[Start of Attachment]

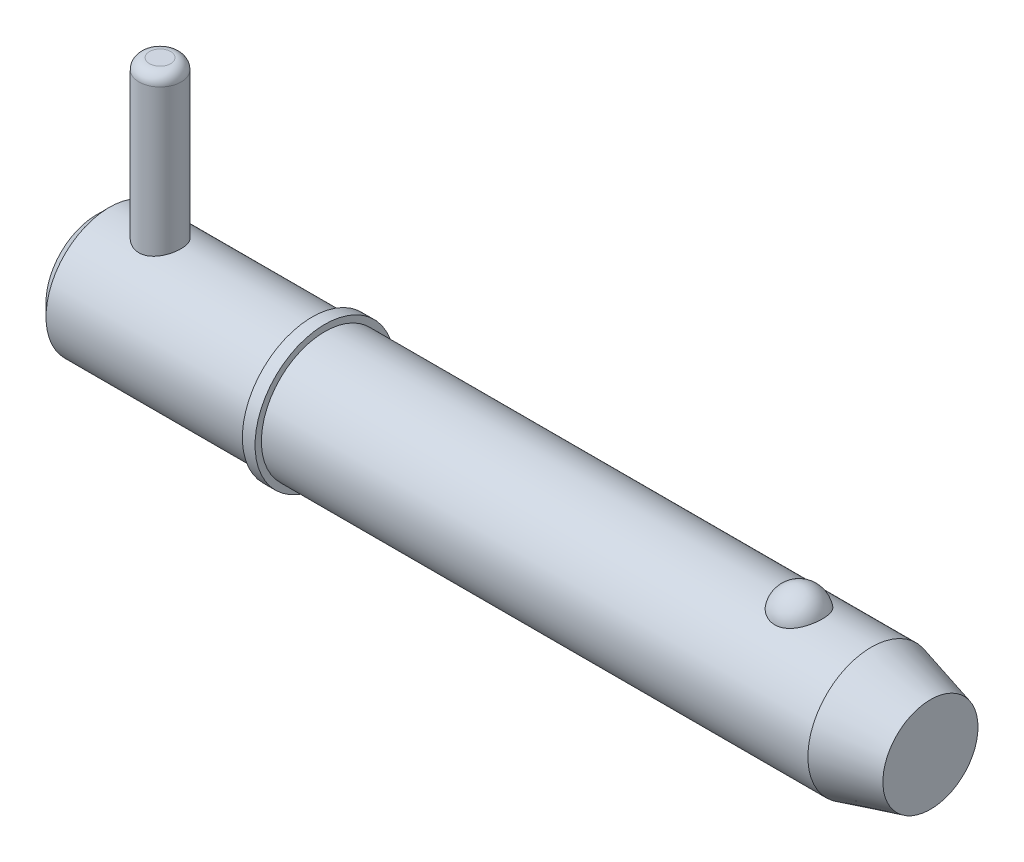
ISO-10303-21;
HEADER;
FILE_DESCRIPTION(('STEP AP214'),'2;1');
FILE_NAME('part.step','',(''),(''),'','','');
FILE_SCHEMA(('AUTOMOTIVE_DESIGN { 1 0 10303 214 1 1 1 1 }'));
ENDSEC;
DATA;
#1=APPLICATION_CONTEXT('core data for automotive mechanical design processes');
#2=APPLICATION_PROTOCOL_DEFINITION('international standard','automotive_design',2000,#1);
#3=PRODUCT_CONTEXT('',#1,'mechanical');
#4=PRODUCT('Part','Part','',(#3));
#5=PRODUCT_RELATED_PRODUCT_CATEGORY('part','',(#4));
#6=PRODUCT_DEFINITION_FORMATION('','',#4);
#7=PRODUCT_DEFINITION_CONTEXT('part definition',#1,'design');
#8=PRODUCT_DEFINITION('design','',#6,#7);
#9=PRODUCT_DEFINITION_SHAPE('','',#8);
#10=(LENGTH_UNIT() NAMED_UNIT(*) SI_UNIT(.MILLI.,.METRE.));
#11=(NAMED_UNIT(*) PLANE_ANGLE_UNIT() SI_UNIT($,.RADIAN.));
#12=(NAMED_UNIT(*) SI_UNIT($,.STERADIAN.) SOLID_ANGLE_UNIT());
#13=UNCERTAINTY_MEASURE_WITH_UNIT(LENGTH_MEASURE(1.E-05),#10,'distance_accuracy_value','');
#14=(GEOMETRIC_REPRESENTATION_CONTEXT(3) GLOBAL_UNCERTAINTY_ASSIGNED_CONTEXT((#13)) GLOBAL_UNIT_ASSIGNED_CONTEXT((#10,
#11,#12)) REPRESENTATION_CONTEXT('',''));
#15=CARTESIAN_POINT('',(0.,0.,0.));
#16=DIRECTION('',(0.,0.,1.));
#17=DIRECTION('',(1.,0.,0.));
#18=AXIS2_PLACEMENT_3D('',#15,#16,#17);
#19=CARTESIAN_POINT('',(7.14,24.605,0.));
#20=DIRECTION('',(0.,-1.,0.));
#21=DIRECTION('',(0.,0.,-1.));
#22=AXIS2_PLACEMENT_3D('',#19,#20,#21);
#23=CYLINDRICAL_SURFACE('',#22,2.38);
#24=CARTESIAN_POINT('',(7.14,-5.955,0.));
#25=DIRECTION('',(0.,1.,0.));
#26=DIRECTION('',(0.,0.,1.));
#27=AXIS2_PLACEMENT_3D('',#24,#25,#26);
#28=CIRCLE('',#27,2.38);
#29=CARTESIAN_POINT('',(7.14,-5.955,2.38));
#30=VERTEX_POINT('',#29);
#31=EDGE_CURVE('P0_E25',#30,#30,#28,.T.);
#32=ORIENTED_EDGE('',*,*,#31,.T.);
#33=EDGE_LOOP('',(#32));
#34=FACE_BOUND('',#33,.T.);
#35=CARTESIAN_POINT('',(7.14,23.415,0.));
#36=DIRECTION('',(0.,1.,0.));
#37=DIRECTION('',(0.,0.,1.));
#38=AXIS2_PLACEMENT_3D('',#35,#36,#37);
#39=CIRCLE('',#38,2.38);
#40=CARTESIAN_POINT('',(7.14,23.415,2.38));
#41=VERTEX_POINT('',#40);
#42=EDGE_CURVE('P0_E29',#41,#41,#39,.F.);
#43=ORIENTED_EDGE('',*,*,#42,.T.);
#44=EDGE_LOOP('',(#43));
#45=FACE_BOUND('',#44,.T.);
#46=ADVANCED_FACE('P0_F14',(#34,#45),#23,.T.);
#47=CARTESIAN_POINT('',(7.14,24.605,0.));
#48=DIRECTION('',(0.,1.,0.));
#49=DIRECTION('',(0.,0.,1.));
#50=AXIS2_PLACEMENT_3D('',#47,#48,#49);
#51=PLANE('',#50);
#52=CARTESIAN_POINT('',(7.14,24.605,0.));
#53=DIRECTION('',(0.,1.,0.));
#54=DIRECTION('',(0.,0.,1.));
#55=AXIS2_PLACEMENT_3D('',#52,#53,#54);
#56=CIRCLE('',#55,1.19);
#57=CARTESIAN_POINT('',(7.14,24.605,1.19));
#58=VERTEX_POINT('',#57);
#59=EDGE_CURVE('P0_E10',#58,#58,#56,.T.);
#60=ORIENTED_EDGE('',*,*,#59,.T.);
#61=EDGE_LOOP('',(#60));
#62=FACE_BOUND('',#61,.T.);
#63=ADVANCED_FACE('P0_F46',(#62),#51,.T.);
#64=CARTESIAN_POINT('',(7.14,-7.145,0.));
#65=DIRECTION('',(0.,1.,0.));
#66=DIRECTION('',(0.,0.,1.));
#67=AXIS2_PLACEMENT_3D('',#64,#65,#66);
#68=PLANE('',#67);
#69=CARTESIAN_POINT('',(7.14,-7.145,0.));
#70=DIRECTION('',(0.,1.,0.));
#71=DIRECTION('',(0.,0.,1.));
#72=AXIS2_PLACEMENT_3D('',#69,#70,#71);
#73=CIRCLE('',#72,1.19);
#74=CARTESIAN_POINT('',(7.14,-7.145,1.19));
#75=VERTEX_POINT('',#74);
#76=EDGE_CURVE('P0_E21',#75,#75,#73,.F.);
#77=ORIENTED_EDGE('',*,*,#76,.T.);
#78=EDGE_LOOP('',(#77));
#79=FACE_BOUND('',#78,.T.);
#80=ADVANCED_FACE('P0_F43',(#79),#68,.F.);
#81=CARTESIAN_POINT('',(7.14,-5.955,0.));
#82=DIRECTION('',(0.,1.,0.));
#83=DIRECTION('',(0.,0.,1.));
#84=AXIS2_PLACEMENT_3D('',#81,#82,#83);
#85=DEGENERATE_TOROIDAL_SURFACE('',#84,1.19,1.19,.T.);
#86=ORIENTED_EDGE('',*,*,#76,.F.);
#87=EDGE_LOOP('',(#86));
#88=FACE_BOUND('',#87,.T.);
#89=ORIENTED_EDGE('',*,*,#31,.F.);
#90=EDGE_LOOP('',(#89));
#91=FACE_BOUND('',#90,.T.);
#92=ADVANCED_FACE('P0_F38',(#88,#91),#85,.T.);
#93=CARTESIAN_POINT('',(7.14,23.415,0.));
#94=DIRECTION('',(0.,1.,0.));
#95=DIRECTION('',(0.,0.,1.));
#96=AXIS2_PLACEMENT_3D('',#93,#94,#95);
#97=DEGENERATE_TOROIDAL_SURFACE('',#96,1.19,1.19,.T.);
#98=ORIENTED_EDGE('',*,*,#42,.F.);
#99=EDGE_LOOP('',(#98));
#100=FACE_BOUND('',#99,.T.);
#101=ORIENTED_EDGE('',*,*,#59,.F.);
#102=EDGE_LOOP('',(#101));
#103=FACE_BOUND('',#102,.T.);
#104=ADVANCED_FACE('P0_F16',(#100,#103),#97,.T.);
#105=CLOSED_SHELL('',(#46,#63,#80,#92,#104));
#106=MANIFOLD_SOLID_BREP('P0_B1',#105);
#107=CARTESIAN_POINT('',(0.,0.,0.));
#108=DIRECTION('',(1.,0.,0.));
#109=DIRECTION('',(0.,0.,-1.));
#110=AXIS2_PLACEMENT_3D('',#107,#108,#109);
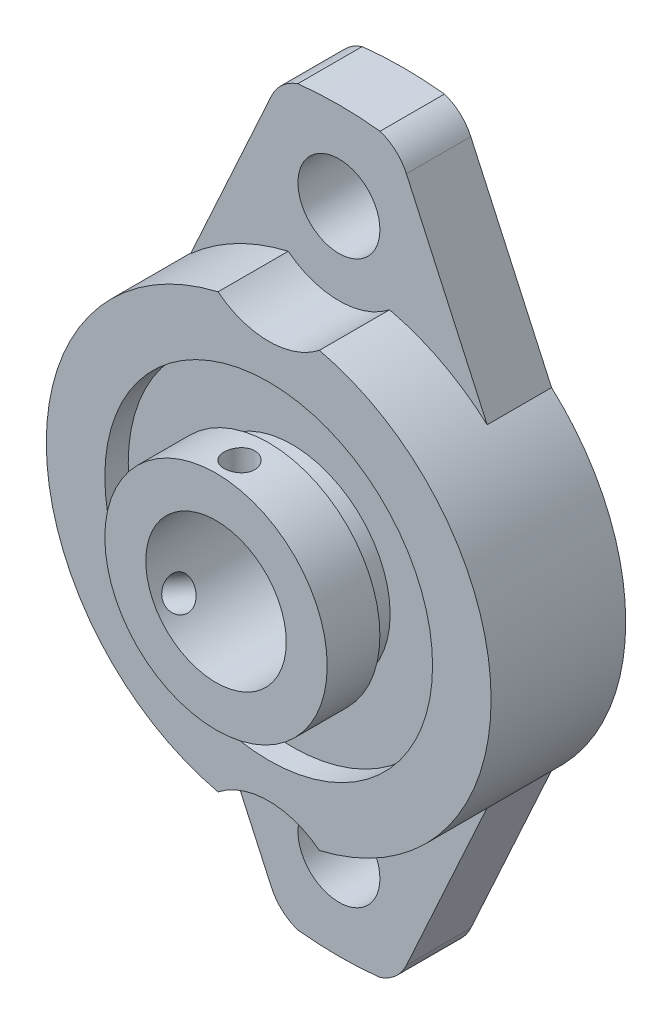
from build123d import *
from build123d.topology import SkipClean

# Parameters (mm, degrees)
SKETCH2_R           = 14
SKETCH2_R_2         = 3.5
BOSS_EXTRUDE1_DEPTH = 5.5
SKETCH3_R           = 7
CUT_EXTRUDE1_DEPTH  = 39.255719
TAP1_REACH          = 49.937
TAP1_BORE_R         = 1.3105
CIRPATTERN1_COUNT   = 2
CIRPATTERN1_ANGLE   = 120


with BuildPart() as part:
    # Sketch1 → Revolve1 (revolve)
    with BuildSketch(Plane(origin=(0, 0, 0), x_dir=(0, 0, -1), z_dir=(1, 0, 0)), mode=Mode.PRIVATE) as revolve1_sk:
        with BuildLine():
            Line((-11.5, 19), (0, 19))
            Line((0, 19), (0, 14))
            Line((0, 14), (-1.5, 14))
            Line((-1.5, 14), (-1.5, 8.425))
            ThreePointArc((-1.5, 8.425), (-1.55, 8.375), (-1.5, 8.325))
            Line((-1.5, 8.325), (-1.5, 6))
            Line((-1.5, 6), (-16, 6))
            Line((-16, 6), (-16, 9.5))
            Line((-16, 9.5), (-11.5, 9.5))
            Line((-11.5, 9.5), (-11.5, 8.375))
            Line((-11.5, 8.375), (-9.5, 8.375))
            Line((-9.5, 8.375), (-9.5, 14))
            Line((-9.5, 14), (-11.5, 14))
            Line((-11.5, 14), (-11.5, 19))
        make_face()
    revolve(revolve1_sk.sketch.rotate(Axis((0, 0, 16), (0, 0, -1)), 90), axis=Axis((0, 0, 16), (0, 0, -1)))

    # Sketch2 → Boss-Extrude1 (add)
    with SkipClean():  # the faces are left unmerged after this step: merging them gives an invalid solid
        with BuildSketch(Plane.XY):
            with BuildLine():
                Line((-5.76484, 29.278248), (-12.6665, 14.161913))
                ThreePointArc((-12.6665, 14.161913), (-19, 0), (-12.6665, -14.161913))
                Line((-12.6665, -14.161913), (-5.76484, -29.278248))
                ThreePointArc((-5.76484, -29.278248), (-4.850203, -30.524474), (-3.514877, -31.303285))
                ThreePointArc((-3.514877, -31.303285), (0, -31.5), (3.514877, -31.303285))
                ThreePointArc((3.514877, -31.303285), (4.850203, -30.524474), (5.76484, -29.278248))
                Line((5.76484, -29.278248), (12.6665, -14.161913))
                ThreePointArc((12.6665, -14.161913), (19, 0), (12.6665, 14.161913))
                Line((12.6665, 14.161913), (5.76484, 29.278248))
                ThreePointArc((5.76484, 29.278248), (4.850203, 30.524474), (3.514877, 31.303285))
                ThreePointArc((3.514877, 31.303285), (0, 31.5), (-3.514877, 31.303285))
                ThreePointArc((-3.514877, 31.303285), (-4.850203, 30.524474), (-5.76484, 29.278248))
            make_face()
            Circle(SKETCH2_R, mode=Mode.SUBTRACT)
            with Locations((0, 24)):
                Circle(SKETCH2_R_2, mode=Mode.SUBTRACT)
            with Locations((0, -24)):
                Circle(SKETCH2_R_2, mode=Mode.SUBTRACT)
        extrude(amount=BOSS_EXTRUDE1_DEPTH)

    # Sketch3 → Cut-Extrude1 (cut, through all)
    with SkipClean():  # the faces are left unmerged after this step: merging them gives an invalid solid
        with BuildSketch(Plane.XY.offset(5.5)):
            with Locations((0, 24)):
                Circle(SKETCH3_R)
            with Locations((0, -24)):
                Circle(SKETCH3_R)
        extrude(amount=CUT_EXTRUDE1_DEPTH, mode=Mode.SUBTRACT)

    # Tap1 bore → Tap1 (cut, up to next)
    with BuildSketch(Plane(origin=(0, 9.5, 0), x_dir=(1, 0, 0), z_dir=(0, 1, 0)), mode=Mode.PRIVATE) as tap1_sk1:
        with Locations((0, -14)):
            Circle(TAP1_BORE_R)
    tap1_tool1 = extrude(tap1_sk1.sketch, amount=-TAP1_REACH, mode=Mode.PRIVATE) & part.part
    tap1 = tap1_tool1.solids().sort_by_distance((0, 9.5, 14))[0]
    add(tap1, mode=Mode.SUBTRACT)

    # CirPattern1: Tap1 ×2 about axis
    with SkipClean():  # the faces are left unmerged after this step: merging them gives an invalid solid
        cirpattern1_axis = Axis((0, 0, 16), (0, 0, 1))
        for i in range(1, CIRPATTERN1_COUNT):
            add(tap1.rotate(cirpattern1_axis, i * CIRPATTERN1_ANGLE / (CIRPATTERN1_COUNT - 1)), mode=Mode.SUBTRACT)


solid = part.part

[End of Attachment]

[WORK TASK] Leave out any pictures and return exactly the lines from the beginning of the data through the line with "#51=PLANE('',#50);", inclusive.

[WRITTEN RESPONSE]
ISO-10303-21;
HEADER;
FILE_DESCRIPTION(('STEP AP214'),'2;1');
FILE_NAME('part.step','',(''),(''),'','','');
FILE_SCHEMA(('AUTOMOTIVE_DESIGN { 1 0 10303 214 1 1 1 1 }'));
ENDSEC;
DATA;
#1=APPLICATION_CONTEXT('core data for automotive mechanical design processes');
#2=APPLICATION_PROTOCOL_DEFINITION('international standard','automotive_design',2000,#1);
#3=PRODUCT_CONTEXT('',#1,'mechanical');
#4=PRODUCT('Part','Part','',(#3));
#5=PRODUCT_RELATED_PRODUCT_CATEGORY('part','',(#4));
#6=PRODUCT_DEFINITION_FORMATION('','',#4);
#7=PRODUCT_DEFINITION_CONTEXT('part definition',#1,'design');
#8=PRODUCT_DEFINITION('design','',#6,#7);
#9=PRODUCT_DEFINITION_SHAPE('','',#8);
#10=(LENGTH_UNIT() NAMED_UNIT(*) SI_UNIT(.MILLI.,.METRE.));
#11=(NAMED_UNIT(*) PLANE_ANGLE_UNIT() SI_UNIT($,.RADIAN.));
#12=(NAMED_UNIT(*) SI_UNIT($,.STERADIAN.) SOLID_ANGLE_UNIT());
#13=UNCERTAINTY_MEASURE_WITH_UNIT(LENGTH_MEASURE(1.E-05),#10,'distance_accuracy_value','');
#14=(GEOMETRIC_REPRESENTATION_CONTEXT(3) GLOBAL_UNCERTAINTY_ASSIGNED_CONTEXT((#13)) GLOBAL_UNIT_ASSIGNED_CONTEXT((#10,
#11,#12)) REPRESENTATION_CONTEXT('',''));
#15=CARTESIAN_POINT('',(0.,0.,0.));
#16=DIRECTION('',(0.,0.,1.));
#17=DIRECTION('',(1.,0.,0.));
#18=AXIS2_PLACEMENT_3D('',#15,#16,#17);
#19=CARTESIAN_POINT('',(7.14,24.605,0.));
#20=DIRECTION('',(0.,-1.,0.));
#21=DIRECTION('',(0.,0.,-1.));
#22=AXIS2_PLACEMENT_3D('',#19,#20,#21);
#23=CYLINDRICAL_SURFACE('',#22,2.38);
#24=CARTESIAN_POINT('',(7.14,-5.955,0.));
#25=DIRECTION('',(0.,1.,0.));
#26=DIRECTION('',(0.,0.,1.));
#27=AXIS2_PLACEMENT_3D('',#24,#25,#26);
#28=CIRCLE('',#27,2.38);
#29=CARTESIAN_POINT('',(7.14,-5.955,2.38));
#30=VERTEX_POINT('',#29);
#31=EDGE_CURVE('P0_E25',#30,#30,#28,.T.);
#32=ORIENTED_EDGE('',*,*,#31,.T.);
#33=EDGE_LOOP('',(#32));
#34=FACE_BOUND('',#33,.T.);
#35=CARTESIAN_POINT('',(7.14,23.415,0.));
#36=DIRECTION('',(0.,1.,0.));
#37=DIRECTION('',(0.,0.,1.));
#38=AXIS2_PLACEMENT_3D('',#35,#36,#37);
#39=CIRCLE('',#38,2.38);
#40=CARTESIAN_POINT('',(7.14,23.415,2.38));
#41=VERTEX_POINT('',#40);
#42=EDGE_CURVE('P0_E29',#41,#41,#39,.F.);
#43=ORIENTED_EDGE('',*,*,#42,.T.);
#44=EDGE_LOOP('',(#43));
#45=FACE_BOUND('',#44,.T.);
#46=ADVANCED_FACE('P0_F14',(#34,#45),#23,.T.);
#47=CARTESIAN_POINT('',(7.14,24.605,0.));
#48=DIRECTION('',(0.,1.,0.));
#49=DIRECTION('',(0.,0.,1.));
#50=AXIS2_PLACEMENT_3D('',#47,#48,#49);
#51=PLANE('',#50);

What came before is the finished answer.